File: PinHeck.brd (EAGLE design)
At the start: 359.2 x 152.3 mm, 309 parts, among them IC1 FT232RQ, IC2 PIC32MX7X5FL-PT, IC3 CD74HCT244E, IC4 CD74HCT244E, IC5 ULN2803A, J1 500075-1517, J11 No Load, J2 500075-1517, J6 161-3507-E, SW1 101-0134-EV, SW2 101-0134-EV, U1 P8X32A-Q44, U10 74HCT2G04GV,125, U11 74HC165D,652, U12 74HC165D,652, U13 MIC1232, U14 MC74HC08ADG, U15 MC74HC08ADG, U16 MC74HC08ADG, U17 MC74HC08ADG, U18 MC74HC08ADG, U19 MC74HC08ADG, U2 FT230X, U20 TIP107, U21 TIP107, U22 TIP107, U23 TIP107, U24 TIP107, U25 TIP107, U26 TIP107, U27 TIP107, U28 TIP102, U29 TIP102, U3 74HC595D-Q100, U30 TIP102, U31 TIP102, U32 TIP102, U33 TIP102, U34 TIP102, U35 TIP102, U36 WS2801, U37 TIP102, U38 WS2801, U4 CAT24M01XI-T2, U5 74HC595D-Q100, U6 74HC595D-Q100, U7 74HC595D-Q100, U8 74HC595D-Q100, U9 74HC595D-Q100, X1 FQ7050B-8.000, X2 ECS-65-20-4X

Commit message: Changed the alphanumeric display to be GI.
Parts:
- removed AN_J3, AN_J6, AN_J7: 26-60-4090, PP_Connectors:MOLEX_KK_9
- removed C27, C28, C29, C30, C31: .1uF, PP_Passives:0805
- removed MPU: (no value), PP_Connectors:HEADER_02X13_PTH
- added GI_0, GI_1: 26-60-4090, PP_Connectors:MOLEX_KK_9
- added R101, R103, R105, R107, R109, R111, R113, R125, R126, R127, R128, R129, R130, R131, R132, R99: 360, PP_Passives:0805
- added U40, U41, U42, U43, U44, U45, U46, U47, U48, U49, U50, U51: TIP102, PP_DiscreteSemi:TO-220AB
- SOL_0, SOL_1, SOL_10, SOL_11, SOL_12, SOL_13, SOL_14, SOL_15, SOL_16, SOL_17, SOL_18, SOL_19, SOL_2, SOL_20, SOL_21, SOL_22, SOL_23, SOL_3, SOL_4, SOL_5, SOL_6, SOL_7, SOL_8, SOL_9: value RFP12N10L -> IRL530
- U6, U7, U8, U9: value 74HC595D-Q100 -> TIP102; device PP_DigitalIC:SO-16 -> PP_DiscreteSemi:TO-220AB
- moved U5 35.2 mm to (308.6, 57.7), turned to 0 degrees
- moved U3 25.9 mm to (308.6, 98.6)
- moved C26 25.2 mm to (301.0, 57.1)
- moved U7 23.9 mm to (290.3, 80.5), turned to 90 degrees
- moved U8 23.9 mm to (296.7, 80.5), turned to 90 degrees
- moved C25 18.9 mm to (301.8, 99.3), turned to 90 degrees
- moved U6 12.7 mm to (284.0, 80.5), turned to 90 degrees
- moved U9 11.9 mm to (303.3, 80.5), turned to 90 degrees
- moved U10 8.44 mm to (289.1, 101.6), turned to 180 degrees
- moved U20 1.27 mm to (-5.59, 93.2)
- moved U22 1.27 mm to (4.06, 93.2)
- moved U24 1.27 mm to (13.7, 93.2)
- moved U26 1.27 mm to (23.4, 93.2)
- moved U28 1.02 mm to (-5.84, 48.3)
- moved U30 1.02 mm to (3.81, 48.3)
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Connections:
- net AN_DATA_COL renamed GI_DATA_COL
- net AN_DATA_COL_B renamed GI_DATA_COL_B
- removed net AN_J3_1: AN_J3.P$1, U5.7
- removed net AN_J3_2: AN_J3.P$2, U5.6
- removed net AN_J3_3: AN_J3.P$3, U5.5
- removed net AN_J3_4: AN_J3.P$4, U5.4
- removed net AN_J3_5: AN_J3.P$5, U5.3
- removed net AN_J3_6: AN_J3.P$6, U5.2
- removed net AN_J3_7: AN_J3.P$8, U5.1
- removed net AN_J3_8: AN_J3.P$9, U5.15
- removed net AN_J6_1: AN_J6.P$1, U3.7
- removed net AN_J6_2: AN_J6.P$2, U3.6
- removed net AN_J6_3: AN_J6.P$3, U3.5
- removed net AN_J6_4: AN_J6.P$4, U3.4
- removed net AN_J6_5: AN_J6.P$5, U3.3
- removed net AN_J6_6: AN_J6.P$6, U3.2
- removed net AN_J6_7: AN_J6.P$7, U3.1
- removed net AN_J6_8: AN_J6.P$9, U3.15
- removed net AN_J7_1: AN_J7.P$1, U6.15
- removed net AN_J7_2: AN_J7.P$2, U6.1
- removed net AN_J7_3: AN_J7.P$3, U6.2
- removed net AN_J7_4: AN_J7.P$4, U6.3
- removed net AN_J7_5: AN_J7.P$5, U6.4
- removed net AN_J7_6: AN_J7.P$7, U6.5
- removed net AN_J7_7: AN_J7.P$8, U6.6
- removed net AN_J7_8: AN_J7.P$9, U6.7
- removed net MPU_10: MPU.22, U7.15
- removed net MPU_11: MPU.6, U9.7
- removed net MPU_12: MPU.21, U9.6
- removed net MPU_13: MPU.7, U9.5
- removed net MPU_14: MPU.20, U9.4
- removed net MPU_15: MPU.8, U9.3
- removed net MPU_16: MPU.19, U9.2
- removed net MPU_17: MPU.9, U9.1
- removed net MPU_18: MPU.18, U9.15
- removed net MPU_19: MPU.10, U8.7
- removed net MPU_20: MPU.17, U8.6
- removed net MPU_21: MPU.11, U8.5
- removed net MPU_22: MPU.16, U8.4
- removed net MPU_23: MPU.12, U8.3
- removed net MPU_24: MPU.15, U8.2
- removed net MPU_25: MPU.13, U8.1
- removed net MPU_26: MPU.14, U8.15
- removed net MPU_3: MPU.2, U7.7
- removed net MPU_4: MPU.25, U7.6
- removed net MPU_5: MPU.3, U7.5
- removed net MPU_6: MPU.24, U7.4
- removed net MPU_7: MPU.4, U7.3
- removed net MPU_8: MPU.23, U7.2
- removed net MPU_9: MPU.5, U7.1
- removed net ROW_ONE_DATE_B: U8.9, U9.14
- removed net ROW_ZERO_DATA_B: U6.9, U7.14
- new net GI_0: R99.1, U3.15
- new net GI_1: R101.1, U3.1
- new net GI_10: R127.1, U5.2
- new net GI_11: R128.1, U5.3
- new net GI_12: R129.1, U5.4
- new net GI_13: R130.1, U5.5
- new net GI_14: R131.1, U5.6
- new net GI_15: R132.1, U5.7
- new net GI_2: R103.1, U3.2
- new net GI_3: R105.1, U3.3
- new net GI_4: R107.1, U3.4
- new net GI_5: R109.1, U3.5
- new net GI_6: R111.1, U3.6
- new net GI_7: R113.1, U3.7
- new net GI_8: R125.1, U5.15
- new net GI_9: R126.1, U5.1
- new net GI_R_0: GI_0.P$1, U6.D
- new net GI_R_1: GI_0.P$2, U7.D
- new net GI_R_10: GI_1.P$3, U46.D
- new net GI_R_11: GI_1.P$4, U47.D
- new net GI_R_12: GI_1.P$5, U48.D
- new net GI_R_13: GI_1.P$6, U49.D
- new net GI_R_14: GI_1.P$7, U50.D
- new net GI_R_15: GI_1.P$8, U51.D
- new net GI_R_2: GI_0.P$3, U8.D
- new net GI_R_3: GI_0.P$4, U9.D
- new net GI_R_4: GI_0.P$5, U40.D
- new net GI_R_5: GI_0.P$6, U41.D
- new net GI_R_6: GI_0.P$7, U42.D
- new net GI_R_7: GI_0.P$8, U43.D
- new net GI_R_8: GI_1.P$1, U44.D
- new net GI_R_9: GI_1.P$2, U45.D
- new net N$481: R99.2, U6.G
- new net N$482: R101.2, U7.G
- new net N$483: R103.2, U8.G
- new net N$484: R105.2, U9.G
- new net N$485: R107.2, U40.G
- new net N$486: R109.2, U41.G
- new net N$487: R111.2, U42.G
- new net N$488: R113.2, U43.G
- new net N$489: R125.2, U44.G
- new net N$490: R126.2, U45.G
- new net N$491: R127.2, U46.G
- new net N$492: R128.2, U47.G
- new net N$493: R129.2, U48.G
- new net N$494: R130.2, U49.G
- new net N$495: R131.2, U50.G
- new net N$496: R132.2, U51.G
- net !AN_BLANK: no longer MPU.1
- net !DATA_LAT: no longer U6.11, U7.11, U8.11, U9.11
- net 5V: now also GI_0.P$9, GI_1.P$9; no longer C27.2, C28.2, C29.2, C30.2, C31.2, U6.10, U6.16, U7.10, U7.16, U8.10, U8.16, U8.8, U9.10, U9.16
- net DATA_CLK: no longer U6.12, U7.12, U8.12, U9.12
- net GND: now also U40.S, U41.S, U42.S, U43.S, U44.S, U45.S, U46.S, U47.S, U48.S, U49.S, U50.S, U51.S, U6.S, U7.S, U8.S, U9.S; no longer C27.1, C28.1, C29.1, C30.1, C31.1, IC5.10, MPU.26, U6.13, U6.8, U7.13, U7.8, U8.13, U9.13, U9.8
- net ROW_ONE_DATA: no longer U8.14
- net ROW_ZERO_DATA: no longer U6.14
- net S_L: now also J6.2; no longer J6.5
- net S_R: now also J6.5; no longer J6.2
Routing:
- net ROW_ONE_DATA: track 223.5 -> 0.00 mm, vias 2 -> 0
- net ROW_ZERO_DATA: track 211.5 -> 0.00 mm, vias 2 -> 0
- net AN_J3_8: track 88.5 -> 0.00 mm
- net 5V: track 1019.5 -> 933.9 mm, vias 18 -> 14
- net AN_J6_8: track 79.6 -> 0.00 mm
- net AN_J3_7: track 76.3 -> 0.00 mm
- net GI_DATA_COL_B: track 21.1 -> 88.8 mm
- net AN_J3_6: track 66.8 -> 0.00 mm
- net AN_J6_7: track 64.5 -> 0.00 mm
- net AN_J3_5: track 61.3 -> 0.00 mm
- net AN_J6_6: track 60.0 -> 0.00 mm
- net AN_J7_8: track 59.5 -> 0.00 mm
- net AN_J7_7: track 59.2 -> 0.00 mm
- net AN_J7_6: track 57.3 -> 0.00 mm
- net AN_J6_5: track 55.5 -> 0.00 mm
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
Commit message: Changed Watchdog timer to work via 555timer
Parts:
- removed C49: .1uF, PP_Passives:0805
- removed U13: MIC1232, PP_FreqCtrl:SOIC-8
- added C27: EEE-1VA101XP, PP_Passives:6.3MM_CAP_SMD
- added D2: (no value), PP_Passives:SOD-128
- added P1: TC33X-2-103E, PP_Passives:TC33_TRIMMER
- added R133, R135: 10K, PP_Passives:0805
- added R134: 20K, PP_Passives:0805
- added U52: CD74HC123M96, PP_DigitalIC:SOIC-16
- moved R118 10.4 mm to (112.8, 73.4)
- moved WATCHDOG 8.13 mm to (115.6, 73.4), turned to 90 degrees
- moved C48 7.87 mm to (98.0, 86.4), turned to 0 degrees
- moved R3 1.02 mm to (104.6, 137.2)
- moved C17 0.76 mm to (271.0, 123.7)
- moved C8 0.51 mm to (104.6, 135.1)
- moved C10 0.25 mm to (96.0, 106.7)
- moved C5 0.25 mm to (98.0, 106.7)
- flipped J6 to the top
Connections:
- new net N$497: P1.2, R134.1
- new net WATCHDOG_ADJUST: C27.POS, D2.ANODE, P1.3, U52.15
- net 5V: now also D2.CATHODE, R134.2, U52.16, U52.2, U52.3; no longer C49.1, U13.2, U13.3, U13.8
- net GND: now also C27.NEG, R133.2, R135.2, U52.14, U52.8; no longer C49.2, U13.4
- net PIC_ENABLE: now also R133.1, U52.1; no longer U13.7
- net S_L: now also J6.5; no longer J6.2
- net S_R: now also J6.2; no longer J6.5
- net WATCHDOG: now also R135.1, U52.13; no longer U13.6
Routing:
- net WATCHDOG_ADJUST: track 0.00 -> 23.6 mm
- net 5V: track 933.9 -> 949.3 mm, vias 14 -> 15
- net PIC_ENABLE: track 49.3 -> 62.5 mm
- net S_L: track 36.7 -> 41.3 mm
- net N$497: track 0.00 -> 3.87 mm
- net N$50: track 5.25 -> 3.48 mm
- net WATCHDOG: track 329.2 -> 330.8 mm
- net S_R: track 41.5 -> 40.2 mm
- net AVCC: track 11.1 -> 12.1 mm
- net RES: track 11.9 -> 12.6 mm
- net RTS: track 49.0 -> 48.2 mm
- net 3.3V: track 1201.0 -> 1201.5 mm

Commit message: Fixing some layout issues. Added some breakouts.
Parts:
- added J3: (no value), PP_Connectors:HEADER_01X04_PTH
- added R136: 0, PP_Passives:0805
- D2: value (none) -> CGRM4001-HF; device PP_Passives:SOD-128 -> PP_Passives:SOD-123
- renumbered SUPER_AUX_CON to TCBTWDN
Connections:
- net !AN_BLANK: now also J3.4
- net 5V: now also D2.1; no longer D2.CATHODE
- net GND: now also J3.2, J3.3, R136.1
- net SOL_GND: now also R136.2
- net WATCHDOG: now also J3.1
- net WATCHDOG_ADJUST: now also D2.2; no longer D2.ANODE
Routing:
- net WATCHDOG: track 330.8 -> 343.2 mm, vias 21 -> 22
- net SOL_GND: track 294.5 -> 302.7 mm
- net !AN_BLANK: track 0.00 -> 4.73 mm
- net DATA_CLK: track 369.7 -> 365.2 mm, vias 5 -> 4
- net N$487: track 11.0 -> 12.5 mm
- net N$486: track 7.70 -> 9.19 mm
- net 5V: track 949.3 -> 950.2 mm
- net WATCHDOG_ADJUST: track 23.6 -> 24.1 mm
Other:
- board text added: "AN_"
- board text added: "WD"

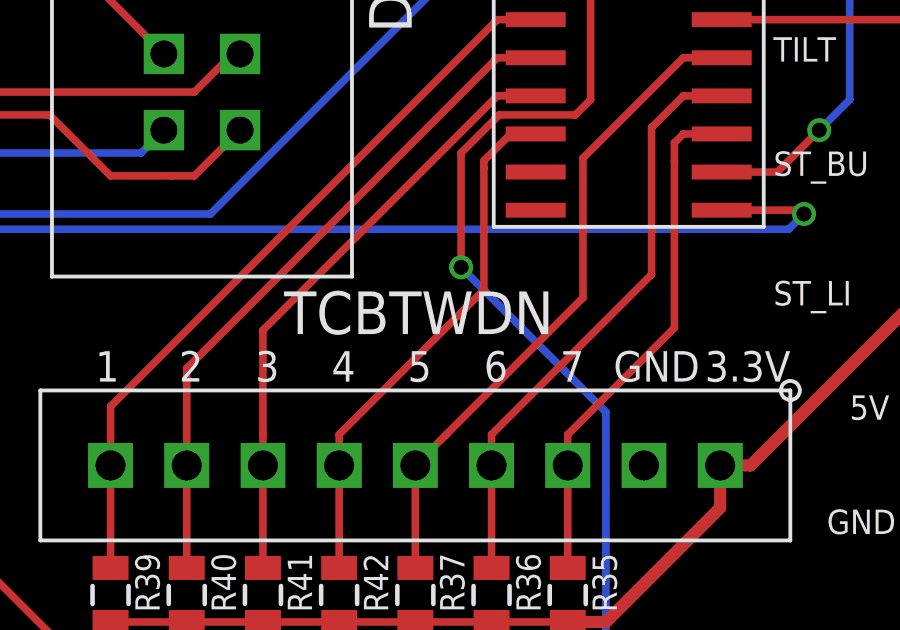
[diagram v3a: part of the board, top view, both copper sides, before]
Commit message: changed port name. added new layout pic.
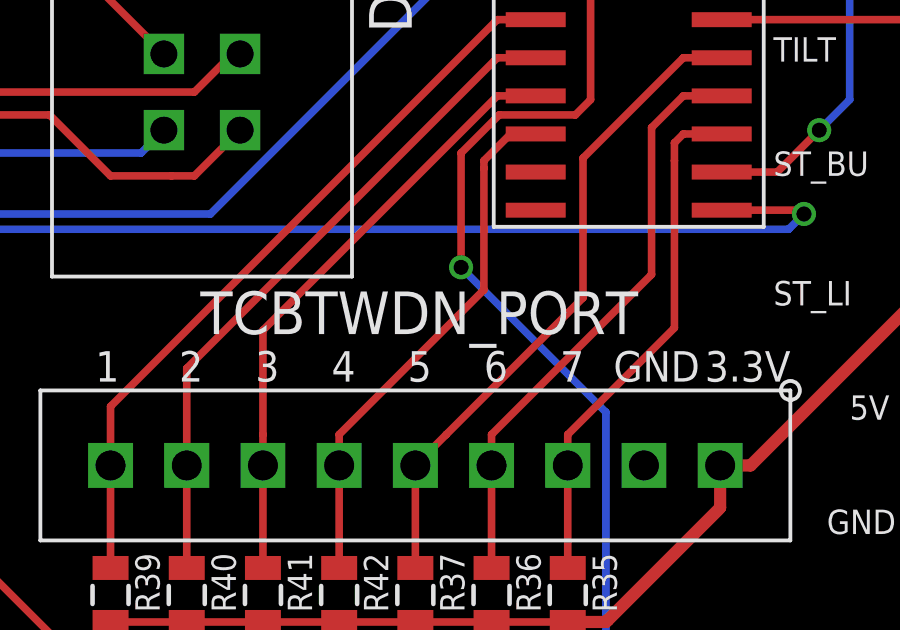
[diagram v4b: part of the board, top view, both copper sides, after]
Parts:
- renumbered TCBTWDN to TCBTWDN_PORT
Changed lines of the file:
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@@
 <attribute name="NAME" x="111.379" y="74.9935" size="0.8128" layer="25" font="vector"/>
 </element>
-<element name="TCBTWDN" library="PP_Connectors" package="HEADER_01X09_PTH" value="" x="303.276" y="113.284" smashed="yes" rot="R180">
-<attribute name="NAME" x="298.904" y="117.662" size="1.4224" layer="21" font="vector"/>
+<element name="TCBTWDN_PORT" library="PP_Connectors" package="HEADER_01X09_PTH" value="" x="303.276" y="113.284" smashed="yes" rot="R180">
+<attribute name="NAME" x="296.11" y="117.662" size="1.4224" layer="21" font="vector"/>
 </element>
 <element name="U36" library="PP_DigitalIC" package="SOP-14" value="WS2801" x="167.64" y="138.938" rot="R180"/>
@@
 <contactref element="R117" pad="1"/>
 <contactref element="R118" pad="2"/>
-<contactref element="TCBTWDN" pad="2"/>
+<contactref element="TCBTWDN_PORT" pad="2"/>
 <contactref element="U38" pad="7"/>
 <contactref element="U36" pad="7"/>
@@
 <contactref element="PSU_PWR" pad="A"/>
 <contactref element="AUX_PORT" pad="P$6"/>
-<contactref element="TCBTWDN" pad="1"/>
+<contactref element="TCBTWDN_PORT" pad="1"/>
 <contactref element="U38" pad="14"/>
 <contactref element="U36" pad="14"/>
@@
 <contactref element="U11" pad="6"/>
 <contactref element="R42" pad="1"/>
-<contactref element="TCBTWDN" pad="6"/>
+<contactref element="TCBTWDN_PORT" pad="6"/>
 <wire x1="300.736" y1="113.284" x2="300.736" y2="114.3135" width="0.254" layer="1"/>
 <wire x1="300.736" y1="109.866" x2="300.736" y2="113.284" width="0.254" layer="1"/>
@@
 <contactref element="U11" pad="5"/>
 <contactref element="R41" pad="1"/>
-<contactref element="TCBTWDN" pad="7"/>
+<contactref element="TCBTWDN_PORT" pad="7"/>
 <wire x1="307.288" y1="125.603" x2="306.0085" y2="125.603" width="0.254" layer="1"/>
 <wire x1="298.196" y1="113.284" x2="298.196" y2="114.3135" width="0.254" layer="1"/>
@@
 <contactref element="U11" pad="4"/>
 <contactref element="R40" pad="1"/>
-<contactref element="TCBTWDN" pad="8"/>
+<contactref element="TCBTWDN_PORT" pad="8"/>
 <wire x1="307.288" y1="126.873" x2="306.0085" y2="126.873" width="0.254" layer="1"/>
 <wire x1="306.0085" y1="126.873" x2="295.656" y2="116.5205" width="0.254" layer="1"/>
@@
 <contactref element="U11" pad="3"/>
 <contactref element="R39" pad="1"/>
-<contactref element="TCBTWDN" pad="9"/>
+<contactref element="TCBTWDN_PORT" pad="9"/>
 <wire x1="307.288" y1="128.143" x2="306.0085" y2="128.143" width="0.254" layer="1"/>
 <wire x1="306.0085" y1="128.143" x2="293.116" y2="115.2505" width="0.254" layer="1"/>
@@
 <contactref element="U11" pad="12"/>
 <contactref element="R36" pad="1"/>
-<contactref element="TCBTWDN" pad="4"/>
+<contactref element="TCBTWDN_PORT" pad="4"/>
 <wire x1="305.816" y1="113.284" x2="305.816" y2="114.3135" width="0.254" layer="1"/>
 <wire x1="313.488" y1="125.603" x2="312.2085" y2="125.603" width="0.254" layer="1"/>
@@
 <contactref element="U11" pad="11"/>
 <contactref element="R35" pad="1"/>
-<contactref element="TCBTWDN" pad="3"/>
+<contactref element="TCBTWDN_PORT" pad="3"/>
 <wire x1="313.488" y1="124.333" x2="312.2085" y2="124.333" width="0.254" layer="1"/>
 <wire x1="308.356" y1="113.284" x2="308.356" y2="114.3135" width="0.254" layer="1"/>
@@
 <contactref element="U11" pad="13"/>
 <contactref element="R37" pad="1"/>
-<contactref element="TCBTWDN" pad="5"/>
+<contactref element="TCBTWDN_PORT" pad="5"/>
 <wire x1="313.488" y1="126.873" x2="312.2085" y2="126.873" width="0.254" layer="1"/>
 <wire x1="303.276" y1="109.866" x2="303.276" y2="113.284" width="0.254" layer="1"/>

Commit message: New Spooky Logo
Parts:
- added LOGO1: SPOOKY_LOGOSPOOKY_LOGO, PP_Aesthetics:SPOOKY_LOGO
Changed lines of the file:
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@@
 <element name="J3" library="PP_Connectors" package="HEADER_01X04_PTH" value="" x="277.622" y="98.044"/>
 <element name="R136" library="PP_Passives" package="0805" value="0" x="237.49" y="70.866" rot="R270"/>
+<element name="LOGO1" library="PP_Aesthetics" package="SPOOKY_LOGO" value="SPOOKY_LOGOSPOOKY_LOGO" x="37.338" y="123.698"/>
 </elements>
 <signals>
────
* Try it:
Take the first line of the material above as the start and the line that contains "U51: TIP102, PP_DiscreteSemi:TO-220AB" as the end. Output only that span, every line exactly as it stands.

* Finished exercise:
File: PinHeck.brd (EAGLE design)
At the start: 359.2 x 152.3 mm, 309 parts, among them IC1 FT232RQ, IC2 PIC32MX7X5FL-PT, IC3 CD74HCT244E, IC4 CD74HCT244E, IC5 ULN2803A, J1 500075-1517, J11 No Load, J2 500075-1517, J6 161-3507-E, SW1 101-0134-EV, SW2 101-0134-EV, U1 P8X32A-Q44, U10 74HCT2G04GV,125, U11 74HC165D,652, U12 74HC165D,652, U13 MIC1232, U14 MC74HC08ADG, U15 MC74HC08ADG, U16 MC74HC08ADG, U17 MC74HC08ADG, U18 MC74HC08ADG, U19 MC74HC08ADG, U2 FT230X, U20 TIP107, U21 TIP107, U22 TIP107, U23 TIP107, U24 TIP107, U25 TIP107, U26 TIP107, U27 TIP107, U28 TIP102, U29 TIP102, U3 74HC595D-Q100, U30 TIP102, U31 TIP102, U32 TIP102, U33 TIP102, U34 TIP102, U35 TIP102, U36 WS2801, U37 TIP102, U38 WS2801, U4 CAT24M01XI-T2, U5 74HC595D-Q100, U6 74HC595D-Q100, U7 74HC595D-Q100, U8 74HC595D-Q100, U9 74HC595D-Q100, X1 FQ7050B-8.000, X2 ECS-65-20-4X

Commit message: Changed the alphanumeric display to be GI.
Parts:
- removed AN_J3, AN_J6, AN_J7: 26-60-4090, PP_Connectors:MOLEX_KK_9
- removed C27, C28, C29, C30, C31: .1uF, PP_Passives:0805
- removed MPU: (no value), PP_Connectors:HEADER_02X13_PTH
- added GI_0, GI_1: 26-60-4090, PP_Connectors:MOLEX_KK_9
- added R101, R103, R105, R107, R109, R111, R113, R125, R126, R127, R128, R129, R130, R131, R132, R99: 360, PP_Passives:0805
- added U40, U41, U42, U43, U44, U45, U46, U47, U48, U49, U50, U51: TIP102, PP_DiscreteSemi:TO-220AB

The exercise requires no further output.